Eleventh District Beige Book

Summary of economic activity

The Eleventh District economy expanded modestly. While activity in services and housing grew, manufacturing output, retail sales, and loan demand declined slightly. Employment growth slowed as wages, input costs, and selling prices grew at a moderate pace. Demand for nonprofit services remained elevated. Overall, Texas firms noted an uptick in uncertainty, particularly among manufacturing firms. Weakening demand and domestic political uncertainty were top outlook concerns.

Labor markets

Employment growth slowed over the past six weeks Labor availability improved and contacts noted higher retention rates. A few contacts continued to cite difficulty hiring, particularly for positions such as truck drivers and engineers. Staffing firms mentioned that despite a slow-down in hiring, there is an increased preference for permanent employees over temporary or contract workers.

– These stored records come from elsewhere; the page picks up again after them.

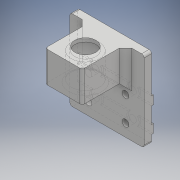
# Autodesk Inventor part: Estrutura - Suporte Rolamento Z Motor
Saved by Autodesk Inventor 2017 (Build 210142000, 142)
## iProperties
Created: 2020-08-03
Part Number: Estrutura - Suporte Rolamento Z Motor
Material: Generic
Document SubType Name: Modeling
Designer: ale
Density: 1 g/cm^3
Appearance: Default
Author: ale
Autodesk Inventor part; units mm, degrees
ref_plane "YZ Plane" through (0, 0, 0) normal (1, 0, 0) x (0, 1, 0)
ref_plane "XZ Plane" through (0, 0, 0) normal (0, 1, 0) x (-1, 0, 0)
ref_plane "XY Plane" through (0, 0, 0) normal (0, 0, 1) x (1, 0, 0)
sketch "Sketch1" plane through (0, 0, 0) normal (0, 0, 1) x (1, 0, 0)
  circle A0 centre (0, 0) radius 11.4
  line L0 (-15, 17.5) -> (15, 17.5)
  line L1 (15, 17.5) -> (15, -17.5)
  line L2 (15, -17.5) -> (-15, -17.5)
  line L3 (-15, -17.5) -> (-15, 17.5)
  line L4 (-15, 17.5) -> (15, -17.5) construction
  line L5 (15, 17.5) -> (-15, -17.5) construction
  dimension "d0" = 22.8
  dimension "d1" = 30
  dimension "d2" = 35
  constraints: 12 end point, 2 midpoint, 2 parallel, 1 centre point, 1 coincident, 1 horizontal, 1 perpendicular
  measures "d0" diameter of A0
  measures "d1" distance of L1.end L2.end
  measures "d2" distance of L0.end L1.end
extrude "Extrusion1" add sketch "Sketch1" along normal blind 25
sketch "Sketch3" plane through (-15, 17.5, 0) normal (0, 1, 0) x (1, 0, 0)
  line L0 (30, 0) -> (0, 0) projected
  line L1 (0, 0) -> (30, -25)
  line L2 (45, 40) -> (-15, 40)
  line L3 (-15, 40) -> (-15, -25)
  line L4 (-15, -25) -> (45, -25)
  line L5 (45, -25) -> (45, 40)
  line L6 (0, 0) -> (30, 0) projected
  line L7 (30, 0) -> (45, 0)
  line L8 (30, -25) -> (0, -25) projected
  point P0 (15, 0)
  point P1 (15, -12.5)
  dimension "d8" = 60
  dimension "d9" = 65
  dimension "d27" = 0
  constraints: 12 end point, 2 parallel, 1 horizontal, 1 midpoint, 1 perpendicular, 1 point on line
  measures "d8" distance of L4.end L3.end
  measures "d9" distance of L3.end L2.end
  measures "d27" distance between parallel lines of L4 L8
extrude "Extrusion3" add sketch "Sketch3" along normal blind 6
sketch "Sketch4" plane through (-15, 23.5, 0) normal (0, 1, 0) x (1, 0, 0)
  line L0 (-15, 40) -> (-15, -25) projected
  line L1 (45, -25) -> (45, 40) projected
  line L2 (-15, 33.5) -> (45, 33.5)
  line L3 (-15, 26.5) -> (45, 26.5)
  line L4 (-15, 13.5) -> (45, 13.5)
  line L5 (-15, 6.5) -> (45, 6.5)
  line L6 (45, 33.5) -> (45, 26.5)
  line L7 (45, 13.5) -> (45, 6.5)
  line L8 (-15, 6.5) -> (-15, 13.5)
  line L9 (-15, 26.5) -> (-15, 33.5)
  line L10 (45, 40) -> (-15, 40) projected
  dimension "d20" = 6.5
  dimension "d21" = 13.5
  dimension "d22" = 26.5
  dimension "d23" = 33.5
  constraints: 16 end point, 2 collinear, 2 perpendicular
  measures "d20" distance from line of L1.end L2
  measures "d21" distance between parallel lines of L10 L3
  measures "d22" distance between parallel lines of L4 L10
  measures "d23" distance between parallel lines of L5 L10
extrude "Extrusion4" add sketch "Sketch4" along normal blind 1.5 contours L2 L1 L3 L0 | L4 L1 L5 L0
sketch "Sketch5" plane through (0, 0, 25) normal (0, 0, 1) x (1, 0, 0)
  circle A0 centre (0, 0) radius 11.4
  circle A1 centre (0, 0) radius 8.5
  dimension "d24" = 17
  constraints: 2 centre point, 2 coincident
  measures "d24" diameter of A1
extrude "Extrusion5" add sketch "Sketch5" against normal blind 3
fillet "Fillet1" radius 2 7 edges at (15, -17.5, 12.5) (-15, -17.5, 12.5) (-30, 20.5, -40) (30, 20.5, -40) (30, 20.5, 25) (-30, 20.5, 25) (-11.4, 0, 0)
chamfer "Chamfer1" distance 5 angle 45 3 edges at (15, 17.5, 12.5) (-15, 17.5, 12.5) (0, 17.5, 0)
sketch "Sketch6" plane through (-15, 25, 0) normal (0, 1, 0) x (1, 0, 0)
  line L0 (43, 40) -> (-13, 40) projected
  line L1 (0, 33.5) -> (0, 26.5)
  line L2 (30, 33.5) -> (30, 26.5)
  line L3 (-15, 33.5) -> (-15, 26.5) projected
  line L4 (-15, 26.5) -> (45, 26.5) projected
  line L5 (45, 33.5) -> (-15, 33.5) projected
  line L6 (-15, 33.5) -> (45, 33.5)
  line L7 (0, 30) -> (30, 30)
  line L8 (-15, 13.5) -> (45, 13.5) projected
  line L9 (-15, 26.5) -> (-15, 13.5)
  line L10 (-15, 26.5) -> (-15, 13.5) projected
  line L11 (-15, 20) -> (45, 20)
  point P0 (15, 0)
  point P1 (0, 10)
  point P2 (30, 10)
  constraints: 12 end point, 4 point on line, 3 midpoint, 2 coincident, 2 perpendicular, 2 symmetric about line, 1 collinear
hole "Hole1" at (-15, 25, -30) at (15, 25, -30) at (-15, 25, -10) at (15, 25, -10) direction (0, -1, 0) diameter 5.5 end through all counterbore diameter 10 counterbore depth 1.5
body "Solid1"
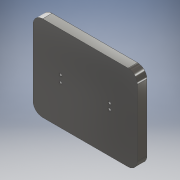
# Autodesk Inventor part: reverse gear stand
Saved by Autodesk Inventor 2017 (Build 210142000, 142)
## iProperties
Created: 2018-11-06
Part Number: reverse gear stand
Material: Generic
Document SubType Name: Modeling
Designer: User
Density: 1 g/cm^3
Appearance: Default
Author: User
Autodesk Inventor part; units mm, degrees
ref_plane "YZ Plane" through (0, 0, 0) normal (1, 0, 0) x (0, 1, 0)
ref_plane "XZ Plane" through (0, 0, 0) normal (0, 1, 0) x (-1, 0, 0)
ref_plane "XY Plane" through (0, 0, 0) normal (0, 0, 1) x (1, 0, 0)
sketch "Sketch2" plane through (0, 0, 0) normal (0, 1, 0) x (-1, 0, 0)
  line L0 (0, 0) -> (-220, 0)
  line L1 (-220, 0) -> (-220, -180)
  line L2 (-220, -180) -> (0, -180)
  line L3 (0, -180) -> (0, 0)
  dimension "d0" = 220
  dimension "d1" = 180
  constraints: 8 end point, 2 parallel, 1 horizontal, 1 perpendicular
  measures "d0" distance of L2.end L1.end
  measures "d1" distance of L1.end L0.end
extrude "Extrusion1" add sketch "Sketch2" along normal blind 20
sketch "Sketch3" plane through (0, 20, 0) normal (0, 1, 0) x (1, 0, 0)
  line L0 (0, 20) -> (0, 160)
  line L1 (0, 90) -> (46.5, 90)
  line L2 (46.5, 90) -> (173.5, 90)
  line L3 (173.5, 90) -> (173.5, 109)
  line L4 (173.5, 109) -> (173.5, 71)
  line L5 (173.5, 71) -> (46.5, 71)
  line L6 (46.5, 71) -> (46.5, 109)
  line L7 (46.5, 109) -> (173.5, 109)
  line L8 (0, 0) -> (220, 0) projected
  line L9 (220, 0) -> (220, 180) projected
  line L10 (220, 180) -> (0, 180) projected
  line L11 (0, 180) -> (0, 0) projected
  dimension "d4" = 46.5
  dimension "d5" = 127
  dimension "d6" = 19
  dimension "d7" = 38
  dimension "d11" = 71
  constraints: 16 end point, 4 perpendicular, 2 point on line, 1 horizontal, 1 midpoint
  measures "d4" distance of L1.start L1.end
  measures "d5" distance of L1.end L2.end
  measures "d6" distance of L2.end L3.end
  measures "d7" distance of L3.end L4.end
  measures "d11" distance between parallel lines of L10 L7
extrude "Extrusion2" cut sketch "Sketch3" against normal blind 10 contours L6 L7 L3 L2 | L2 L4 L5 L6
fillet "Fillet1" radius 20 4 edges at (0, 10, -180) (0, 10, 0) (220, 10, 0) (220, 10, -180)
fillet "Fillet2" radius 12 4 edges at (46.5, 15, -109) (173.5, 15, -109) (46.5, 15, -71) (173.5, 15, -71)
sketch "Sketch5" plane through (0, 0, 0) normal (0, -1, 0) x (1, 0, 0)
  line L0 (110, -90) -> (58.5, -90) construction
  line L1 (110, -90) -> (161.5, -90) construction
  line L2 (58.5, -90) -> (58.5, -97) construction
  line L3 (58.5, -97) -> (58.5, -83) construction
  line L4 (58.5, -83) -> (161.5, -83) construction
  line L5 (161.5, -83) -> (161.5, -97) construction
  circle A0 centre (58.5, -97) radius 2.5
  circle A1 centre (58.5, -83) radius 2.5
  circle A2 centre (161.5, -83) radius 2.5
  circle A3 centre (161.5, -94.5) radius 2.5
  line L6 (20, 0) -> (200, 0) projected
  arc A4 (200, -180) -> (220, -160) centre (200, -160) ccw projected
  line L7 (220, -20) -> (220, -160) projected
  arc A5 (220, -20) -> (200, 0) centre (200, -20) ccw projected
  line L8 (20, 0) -> (200, 0) projected
  arc A6 (20, 0) -> (0, -20) centre (20, -20) ccw projected
  line L9 (0, -160) -> (0, -20) projected
  arc A7 (0, -160) -> (20, -180) centre (20, -160) ccw projected
  line L10 (200, -180) -> (20, -180) projected
  point P0 (0, 0)
  point P1 (110, -90)
  dimension "d38" = 51.5
  dimension "d39" = 51.5
  dimension "d40" = 7
  dimension "d41" = 14
  dimension "d42" = 5
  dimension "d43" = 5
  dimension "d44" = 5
  dimension "d45" = 5
  dimension "d46" = 103
  dimension "d47" = 51.5
  dimension "d48" = 0
  dimension "d49" = 11.5
  dimension "d50" = 14
  dimension "d51" = 58.5
  dimension "d52" = 83
  constraints: 12 end point, 4 centre point, 3 coincident, 2 horizontal, 2 perpendicular, 2 point on line, 1 vertical
  measures "d38" distance of L0.start L0.end
  measures "d39" distance of L0.start L1.end
  measures "d40" distance of L0.end L2.end
  measures "d41" distance of L2.end L3.end
  measures "d42" diameter of A0
  measures "d43" diameter of A1
  measures "d44" diameter of A2
  measures "d45" diameter of A3
  measures "d46" distance between parallel lines of L2 L5
  measures "d47" distance from line of point (110, -90) L5
  measures "d48" distance from line of point (110, -90) L1
  measures "d49" distance from line of A3.centre L4
  measures "d50" distance from line of L5.end L4
  measures "d51" distance from line of L7 A3.centre
  measures "d52" distance from line of L10 L2.end
extrude "Extrusion4" cut sketch "Sketch5" against normal through all contours A0 | A1 | A2 | A3
body "Solid1"

Wage growth was moderate over the past six weeks. Staffing firms noted continued declines in wage pressure, while a technology firm stated that wage increases were now in line with historical averages. A manufacturer mentioned not having to increase wages at all due to plentiful job applicants and higher retention. A Dallas Fed survey of about 350 Texas business executives in March showed that wage growth was 4.9 percent over the past 12 months, on average, and is expected to slow to 3.6 percent over the next 12 months.

Prices

Prices rose moderately over the past six weeks. Growth in prices for manufactured goods resumed and raw materials price growth ticked up. Meanwhile, price growth in the service sector held steady at a moderate pace. Auto dealers reported that while increased car inventories placed downward pressure on vehicle prices, they increased inventory costs. Airlines noted input prices rose due to elevated labor costs, fuel prices, and maintenance. Retail motor fuel prices were slightly higher as refineries on the Gulf Coast were coming online again after both unplanned and annual maintenance outages. Manufacturers expect selling price growth to pick up over the next 12 months but remain moderate, while service sector executives expect price growth to moderate further.

Manufacturing

Overall manufacturing activity declined slightly over the past six weeks. The decline was overwhelmingly due to weakness in durables good production, particularly metals, machinery, and computer and electronics manufacturing. Nondurable goods production increased moderately, driven by food and chemical manufacturing. Chemical plant utilization ticked up, and contacts noted rising new orders, better pricing and margins, and a return of capacity after unplanned winter outages and early spring maintenance. Weakening demand, domestic political uncertainty, and elevated input costs were the top three outlook concerns for the manufacturing sector.

Retail sales

Retail sales declined modestly over the past six weeks. Auto dealers noted higher sales volume but declining margins and increasing inventory. Some contacts including a health store retailer and a nondurable goods wholesaler reported consumers pulling-back in purchases because of higher prices. Meanwhile, another nondurable wholesaler commented that consumers are returning, and sales picked up because consumers have baked-in higher prices into their budgets. Retail outlooks remained pessimistic, weighed down by weakening demand and elevated input costs.

Nonfinancial services

Service sector activity continued to rise modestly in the reporting period. Revenue growth was led by professional and business services and leisure and hospitality. Airline travel in the District remained strong with continued robust demand for leisure travel and growing demand for business travel. Transportation and warehousing activity declined overall; however, activity at Gulf Coast ports was up, particularly driven by resin exports. Health care reported weakening activity while staffing firms noted an unexpected slowdown in demand, but expect a pick-up in the second quarter, particularly for white-collar jobs. Weakening demand, domestic political uncertainty, and higher labor costs are the top three outlook concerns for the service sector.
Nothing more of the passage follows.